* **MATERIAL PROVIDED**
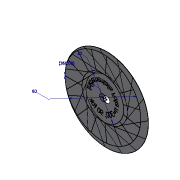
# Autodesk Inventor part: InkrementalisFolia
Saved by Autodesk Inventor 2015 SP1 (Build 190203100, 203)
## iProperties
Created: 2014-11-14
Part Number: InkrementalisFolia
Material: Generic
Document SubType Name: Modeling
Designer: laca
Density: 1 g/cm^3
Appearance: Default
Mass: 0.340156 g
Surface Area: 68.2542 cm^2
Volume: 0.340156 cm^3
d32: 360.00 deg
Author: laca
Autodesk Inventor part; units mm, degrees
ref_plane "YZ Plane" through (0, 0, 0) normal (1, 0, 0) x (0, 1, 0)
ref_plane "XZ Plane" through (0, 0, 0) normal (0, 1, 0) x (-1, 0, 0)
ref_plane "XY Plane" through (0, 0, 0) normal (0, 0, 1) x (1, 0, 0)
sketch "Sketch1" plane through (0, 0, 0) normal (0, 1, 0) x (-1, 0, 0)
  circle A0 centre (0, 0) radius 32.5
  circle A1 centre (0, 0) radius 22.5
  circle A2 centre (0, 0) radius 16
  line L0 (22.5, 0) -> (32.5, 0)
  point P0 (32.4988, -0.2836)
  point P1 (22.4991, -0.1963)
  dimension "d0" = 65
  dimension "d2" = 10
  dimension "d3" = 32
  constraints: 4 point on circle, 3 centre point, 3 coincident, 2 end point, 1 horizontal
  measures "d0" diameter of A0
  measures "d2" radial gap between concentric circles of A0 A1
  measures "d3" diameter of A2
extrude "Extrusion1" [suppressed]
extrude "Extrusion2" [suppressed]
pattern_circular "Circular Pattern1" [suppressed]
sketch "Sketch3" plane through (0, 0, 0) normal (0, 0, 1) x (1, 0, 0)
  circle A0 centre (0, 0) radius 33
  circle A1 centre (0, 0) radius 16.5
  circle A2 centre (0, 0) radius 2.5
  line L0 (-13.516, 9.464) -> (-31.7996, -8.8196)
  line L1 (0, 0) -> (-2.5, 0)
  line L2 (-16.1968, 3.1483) -> (-25.4631, -20.9912)
  line L3 (-16.0771, -3.7117) -> (-14.7239, -29.5332)
  line L4 (-13.1775, -9.9299) -> (-1.4387, -32.9686)
  line L5 (-7.9994, -14.4312) -> (12.0952, -30.7035)
  line L6 (-1.4381, -16.4372) -> (23.5378, -23.1295)
  line L7 (5.3719, -15.6011) -> (30.9104, -11.5561)
  line L8 (11.253, -12.0673) -> (32.9384, 2.0153)
  line L9 (15.1883, -6.4471) -> (29.271, 15.2384)
  line L10 (16.4975, 0.288) -> (20.5424, 25.8265)
  line L11 (14.9541, 6.9732) -> (8.2618, 31.9491)
  line L12 (10.825, 12.4527) -> (-5.4473, 32.5473)
  line L13 (4.8241, 15.779) -> (-18.2145, 27.5178)
  line L14 (-2.0108, 16.377) -> (-27.8323, 17.7303)
  line L15 (-8.4981, 14.1433) -> (-32.6376, 4.877)
  dimension "d21" = 66
  dimension "d27" = 33
  dimension "d28" = 5
  dimension "d29" = 45
  dimension "d32" = 360
  constraints: 32 end point, 3 coincident, 1 horizontal, 1 horizontal alignment, 54 other
  measures "d29" angle of L0 L1
extrude "Extrusion6" add sketch "Sketch3" along normal blind 0.1
sketch "Sketch4" plane through (0, 0, 0.1) normal (0, 0, 1) x (1, 0, 0)
  circle A0 centre (-3, -0.0066) radius 30
  circle A1 centre (-3, -0.0066) radius 16.5
  circle A2 centre (-3, -0.0066) radius 2.5
  line L0 (-3, -0.0066) -> (-5.5, -0.0066)
  circle A3 centre (0, 0) radius 33 projected
  line L1 (-32.9999, 0.0596) -> (-19.4999, 0.0596)
  line L2 (-30.4332, -12.1482) -> (-18.1003, -6.6573)
  line L3 (-23.1231, -22.2566) -> (-14.0898, -12.2241)
  line L4 (-12.3335, -28.5178) -> (-8.1617, -15.6785)
  line L5 (0.07, -29.8491) -> (-1.3411, -16.423)
  line L6 (11.9426, -26.0204) -> (5.1926, -14.329)
  line L7 (21.2315, -17.6937) -> (10.3098, -9.7585)
  line L8 (26.3306, -6.3087) -> (13.1255, -3.5019)
  line L9 (26.3581, 6.166) -> (13.153, 3.3592)
  line L10 (21.3093, 17.5734) -> (10.3876, 9.6382)
  line L11 (12.0573, 25.941) -> (5.3072, 14.2496)
  line L12 (0.2016, 29.822) -> (-1.2095, 16.3959)
  line L13 (-12.2076, 28.5455) -> (-8.0358, 15.7061)
  line L14 (-23.0247, 22.332) -> (-13.9914, 12.2995)
  line L15 (-30.3794, 12.2559) -> (-18.0465, 6.7649)
  dimension "d44" = 60
  dimension "d45" = 33
  dimension "d46" = 5
  dimension "d51" = 360
  constraints: 32 end point, 3 coincident, 2 horizontal, 1 horizontal alignment, 56 other
body "Solid1"

* **WORK ITEM**
Retype each entry above character for character; pictures stay out.

* **RESULT OF THIS TASK**
# Autodesk Inventor part: InkrementalisFolia
Saved by Autodesk Inventor 2015 SP1 (Build 190203100, 203)
## iProperties
Created: 2014-11-14
Part Number: InkrementalisFolia
Material: Generic
Document SubType Name: Modeling
Designer: laca
Density: 1 g/cm^3
Appearance: Default
Mass: 0.340156 g
Surface Area: 68.2542 cm^2
Volume: 0.340156 cm^3
d32: 360.00 deg
Author: laca
Autodesk Inventor part; units mm, degrees
ref_plane "YZ Plane" through (0, 0, 0) normal (1, 0, 0) x (0, 1, 0)
ref_plane "XZ Plane" through (0, 0, 0) normal (0, 1, 0) x (-1, 0, 0)
ref_plane "XY Plane" through (0, 0, 0) normal (0, 0, 1) x (1, 0, 0)
sketch "Sketch1" plane through (0, 0, 0) normal (0, 1, 0) x (-1, 0, 0)
  circle A0 centre (0, 0) radius 32.5
  circle A1 centre (0, 0) radius 22.5
  circle A2 centre (0, 0) radius 16
  line L0 (22.5, 0) -> (32.5, 0)
  point P0 (32.4988, -0.2836)
  point P1 (22.4991, -0.1963)
  dimension "d0" = 65
  dimension "d2" = 10
  dimension "d3" = 32
  constraints: 4 point on circle, 3 centre point, 3 coincident, 2 end point, 1 horizontal
  measures "d0" diameter of A0
  measures "d2" radial gap between concentric circles of A0 A1
  measures "d3" diameter of A2
extrude "Extrusion1" [suppressed]
extrude "Extrusion2" [suppressed]
pattern_circular "Circular Pattern1" [suppressed]
sketch "Sketch3" plane through (0, 0, 0) normal (0, 0, 1) x (1, 0, 0)
  circle A0 centre (0, 0) radius 33
  circle A1 centre (0, 0) radius 16.5
  circle A2 centre (0, 0) radius 2.5
  line L0 (-13.516, 9.464) -> (-31.7996, -8.8196)
  line L1 (0, 0) -> (-2.5, 0)
  line L2 (-16.1968, 3.1483) -> (-25.4631, -20.9912)
  line L3 (-16.0771, -3.7117) -> (-14.7239, -29.5332)
  line L4 (-13.1775, -9.9299) -> (-1.4387, -32.9686)
  line L5 (-7.9994, -14.4312) -> (12.0952, -30.7035)
  line L6 (-1.4381, -16.4372) -> (23.5378, -23.1295)
  line L7 (5.3719, -15.6011) -> (30.9104, -11.5561)
  line L8 (11.253, -12.0673) -> (32.9384, 2.0153)
  line L9 (15.1883, -6.4471) -> (29.271, 15.2384)
  line L10 (16.4975, 0.288) -> (20.5424, 25.8265)
  line L11 (14.9541, 6.9732) -> (8.2618, 31.9491)
  line L12 (10.825, 12.4527) -> (-5.4473, 32.5473)
  line L13 (4.8241, 15.779) -> (-18.2145, 27.5178)
  line L14 (-2.0108, 16.377) -> (-27.8323, 17.7303)
  line L15 (-8.4981, 14.1433) -> (-32.6376, 4.877)
  dimension "d21" = 66
  dimension "d27" = 33
  dimension "d28" = 5
  dimension "d29" = 45
  dimension "d32" = 360
  constraints: 32 end point, 3 coincident, 1 horizontal, 1 horizontal alignment, 54 other
  measures "d29" angle of L0 L1
extrude "Extrusion6" add sketch "Sketch3" along normal blind 0.1
sketch "Sketch4" plane through (0, 0, 0.1) normal (0, 0, 1) x (1, 0, 0)
  circle A0 centre (-3, -0.0066) radius 30
  circle A1 centre (-3, -0.0066) radius 16.5
  circle A2 centre (-3, -0.0066) radius 2.5
  line L0 (-3, -0.0066) -> (-5.5, -0.0066)
  circle A3 centre (0, 0) radius 33 projected
  line L1 (-32.9999, 0.0596) -> (-19.4999, 0.0596)
  line L2 (-30.4332, -12.1482) -> (-18.1003, -6.6573)
  line L3 (-23.1231, -22.2566) -> (-14.0898, -12.2241)
  line L4 (-12.3335, -28.5178) -> (-8.1617, -15.6785)
  line L5 (0.07, -29.8491) -> (-1.3411, -16.423)
  line L6 (11.9426, -26.0204) -> (5.1926, -14.329)
  line L7 (21.2315, -17.6937) -> (10.3098, -9.7585)
  line L8 (26.3306, -6.3087) -> (13.1255, -3.5019)
  line L9 (26.3581, 6.166) -> (13.153, 3.3592)
  line L10 (21.3093, 17.5734) -> (10.3876, 9.6382)
  line L11 (12.0573, 25.941) -> (5.3072, 14.2496)
  line L12 (0.2016, 29.822) -> (-1.2095, 16.3959)
  line L13 (-12.2076, 28.5455) -> (-8.0358, 15.7061)
  line L14 (-23.0247, 22.332) -> (-13.9914, 12.2995)
  line L15 (-30.3794, 12.2559) -> (-18.0465, 6.7649)
  dimension "d44" = 60
  dimension "d45" = 33
  dimension "d46" = 5
  dimension "d51" = 360
  constraints: 32 end point, 3 coincident, 2 horizontal, 1 horizontal alignment, 56 other
body "Solid1"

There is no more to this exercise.